Your instructions
Report, as a bare number, how many lines of the entries below contain "reaches".
**** Material to process ****
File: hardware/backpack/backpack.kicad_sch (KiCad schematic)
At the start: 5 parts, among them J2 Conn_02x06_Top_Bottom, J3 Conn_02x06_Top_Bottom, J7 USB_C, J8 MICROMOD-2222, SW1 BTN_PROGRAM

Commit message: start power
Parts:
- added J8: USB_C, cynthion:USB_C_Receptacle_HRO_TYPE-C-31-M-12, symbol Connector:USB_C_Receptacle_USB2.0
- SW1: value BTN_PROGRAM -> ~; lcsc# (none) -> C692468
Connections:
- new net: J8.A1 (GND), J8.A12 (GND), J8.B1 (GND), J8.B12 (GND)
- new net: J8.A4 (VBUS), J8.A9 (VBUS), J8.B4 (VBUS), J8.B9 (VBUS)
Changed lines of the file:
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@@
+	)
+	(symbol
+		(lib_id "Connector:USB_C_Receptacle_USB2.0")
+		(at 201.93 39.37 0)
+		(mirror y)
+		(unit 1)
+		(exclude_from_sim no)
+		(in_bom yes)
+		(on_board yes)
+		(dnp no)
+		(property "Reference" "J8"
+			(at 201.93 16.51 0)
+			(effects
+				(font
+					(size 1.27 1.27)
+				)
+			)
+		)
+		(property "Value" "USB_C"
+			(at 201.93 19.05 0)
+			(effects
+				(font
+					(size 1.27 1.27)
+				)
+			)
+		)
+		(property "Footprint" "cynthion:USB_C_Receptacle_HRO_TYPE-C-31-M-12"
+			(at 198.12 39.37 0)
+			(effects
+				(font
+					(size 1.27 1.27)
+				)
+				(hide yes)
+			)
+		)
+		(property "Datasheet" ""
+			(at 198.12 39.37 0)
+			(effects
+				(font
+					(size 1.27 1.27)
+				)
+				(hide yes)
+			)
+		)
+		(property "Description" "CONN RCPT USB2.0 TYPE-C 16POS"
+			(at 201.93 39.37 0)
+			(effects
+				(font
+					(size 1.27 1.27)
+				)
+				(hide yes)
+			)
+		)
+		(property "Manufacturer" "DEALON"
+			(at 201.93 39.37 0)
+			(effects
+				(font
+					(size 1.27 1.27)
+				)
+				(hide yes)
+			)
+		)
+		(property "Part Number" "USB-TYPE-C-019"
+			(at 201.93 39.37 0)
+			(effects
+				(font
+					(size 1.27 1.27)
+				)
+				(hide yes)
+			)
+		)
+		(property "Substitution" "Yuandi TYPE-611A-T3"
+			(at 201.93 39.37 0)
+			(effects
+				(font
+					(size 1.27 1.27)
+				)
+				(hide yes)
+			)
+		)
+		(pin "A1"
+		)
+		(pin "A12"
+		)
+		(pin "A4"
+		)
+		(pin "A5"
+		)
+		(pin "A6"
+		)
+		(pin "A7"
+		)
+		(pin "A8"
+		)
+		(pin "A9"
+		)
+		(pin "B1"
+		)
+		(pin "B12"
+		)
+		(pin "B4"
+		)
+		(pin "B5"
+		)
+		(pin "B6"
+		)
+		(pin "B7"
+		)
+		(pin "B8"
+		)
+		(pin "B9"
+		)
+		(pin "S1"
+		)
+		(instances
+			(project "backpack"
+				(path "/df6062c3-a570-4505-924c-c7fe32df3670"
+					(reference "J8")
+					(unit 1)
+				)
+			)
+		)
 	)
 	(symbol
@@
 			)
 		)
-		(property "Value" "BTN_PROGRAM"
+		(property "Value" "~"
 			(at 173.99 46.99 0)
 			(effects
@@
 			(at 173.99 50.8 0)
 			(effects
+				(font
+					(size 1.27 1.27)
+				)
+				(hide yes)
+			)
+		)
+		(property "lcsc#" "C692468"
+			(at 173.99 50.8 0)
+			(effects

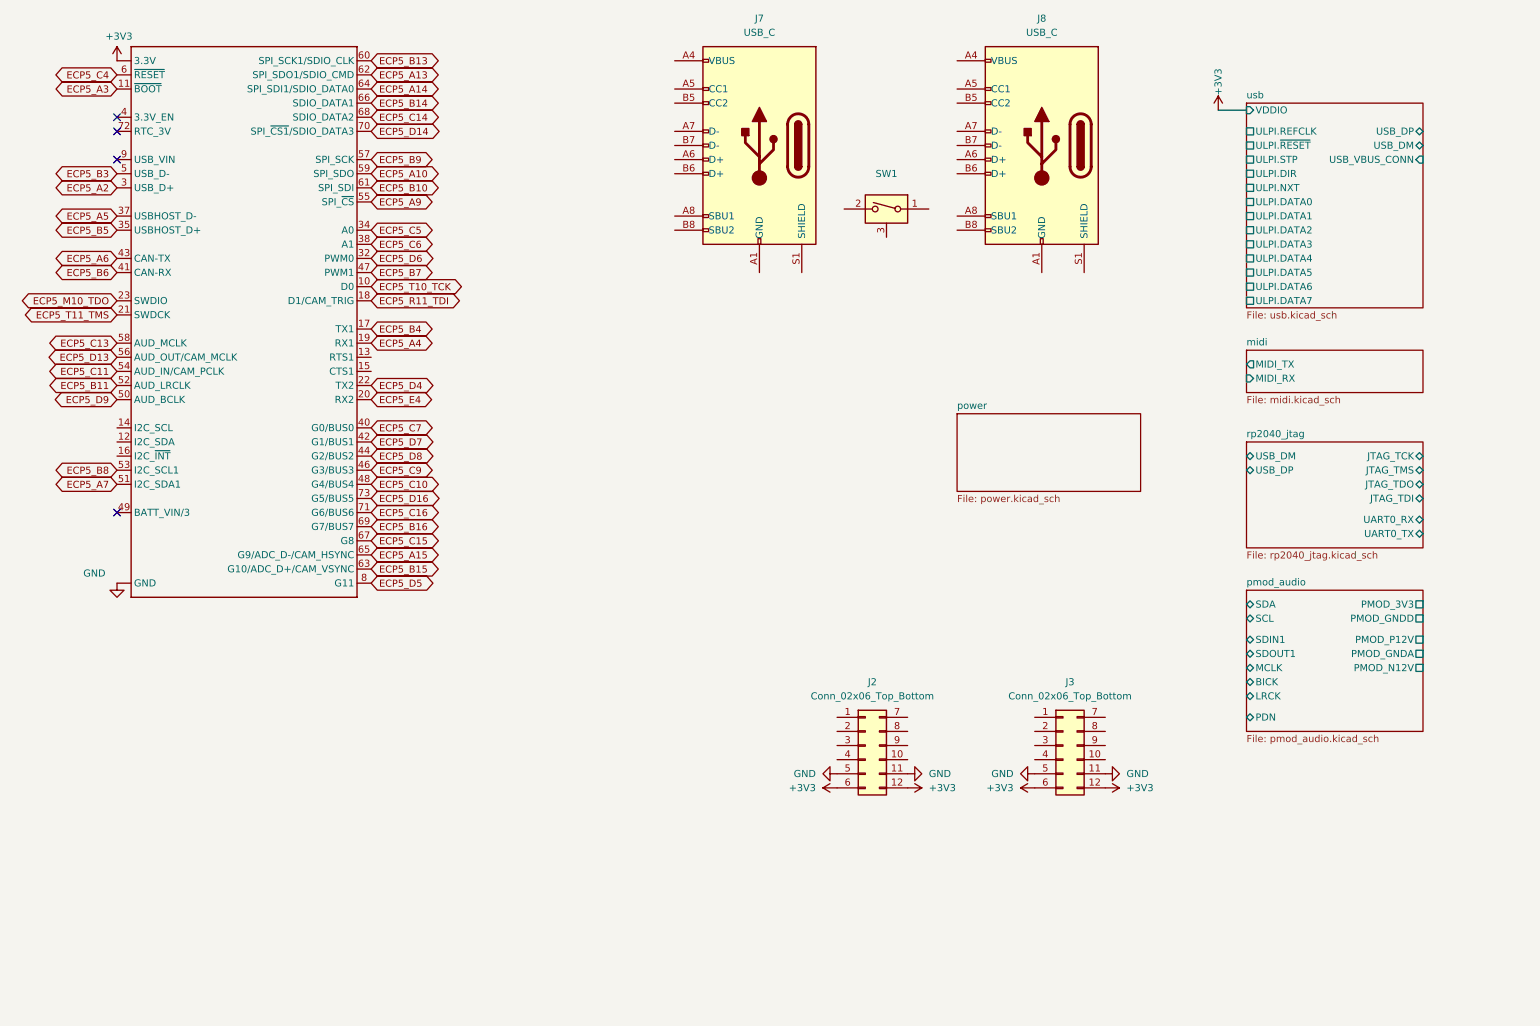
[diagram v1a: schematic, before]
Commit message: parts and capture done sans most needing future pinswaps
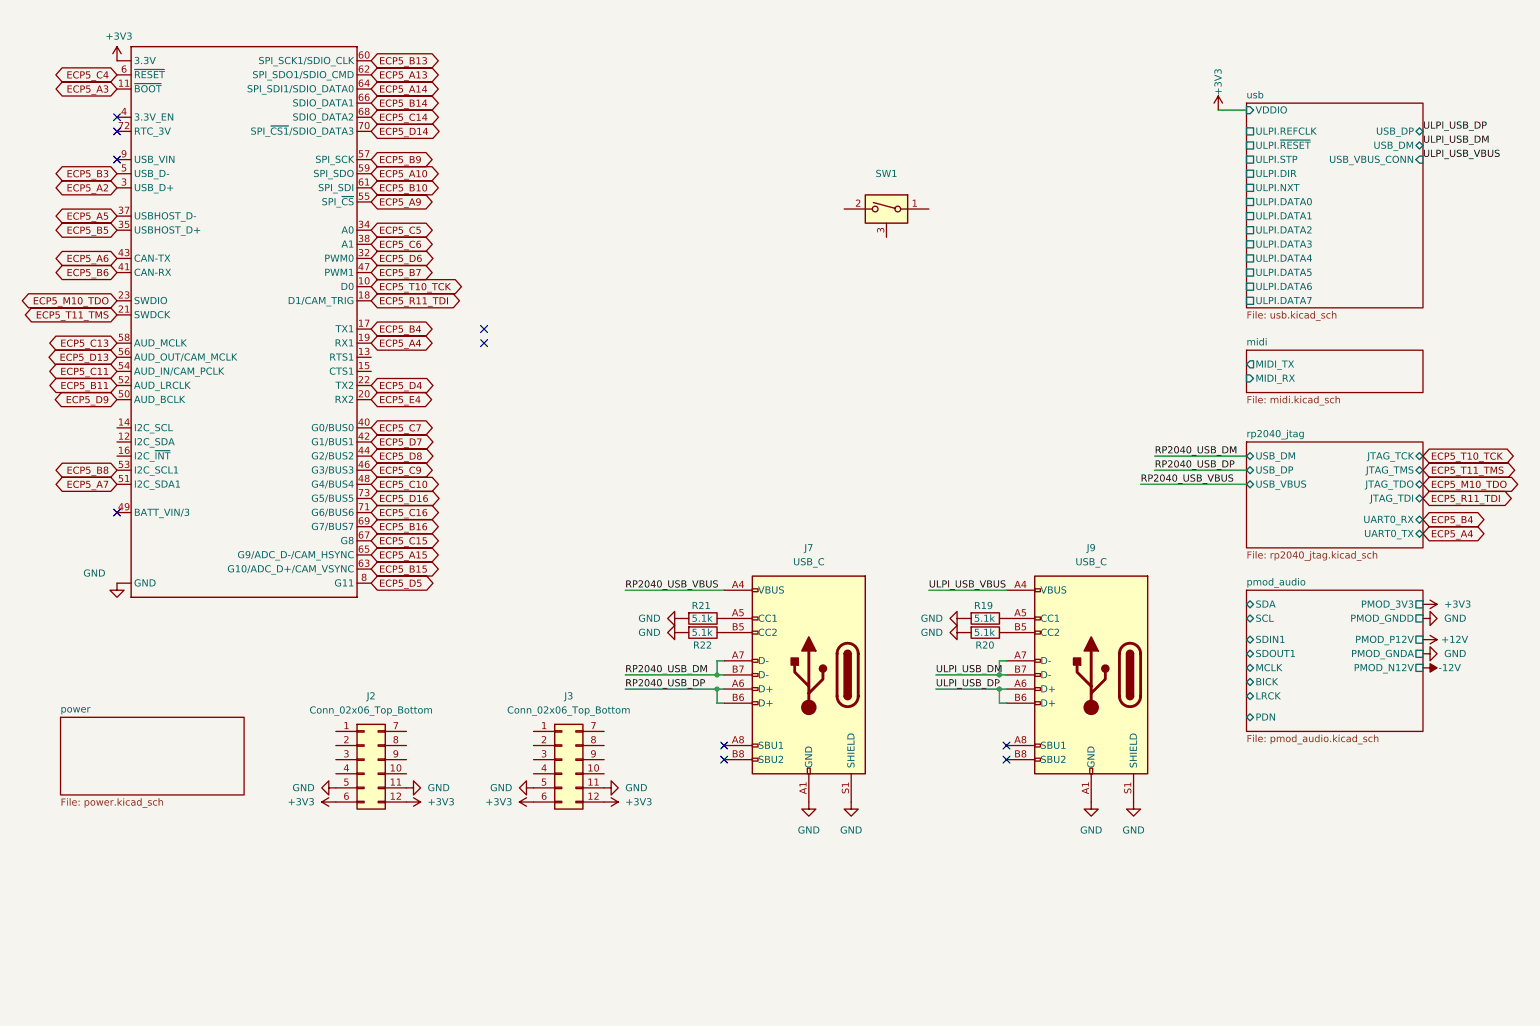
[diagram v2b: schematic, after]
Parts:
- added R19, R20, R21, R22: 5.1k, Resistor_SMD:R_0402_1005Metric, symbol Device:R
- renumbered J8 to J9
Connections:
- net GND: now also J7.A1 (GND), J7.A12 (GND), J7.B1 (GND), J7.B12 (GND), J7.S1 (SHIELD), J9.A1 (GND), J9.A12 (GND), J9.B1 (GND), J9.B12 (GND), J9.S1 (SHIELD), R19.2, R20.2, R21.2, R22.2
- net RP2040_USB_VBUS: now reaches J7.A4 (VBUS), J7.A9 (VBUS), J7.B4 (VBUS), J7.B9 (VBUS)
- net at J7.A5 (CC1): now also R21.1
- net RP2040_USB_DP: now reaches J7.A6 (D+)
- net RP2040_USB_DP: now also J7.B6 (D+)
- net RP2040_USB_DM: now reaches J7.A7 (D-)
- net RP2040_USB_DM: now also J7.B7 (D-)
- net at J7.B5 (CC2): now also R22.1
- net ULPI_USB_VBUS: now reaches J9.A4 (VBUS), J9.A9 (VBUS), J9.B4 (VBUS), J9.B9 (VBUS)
****
Response to this exercise
4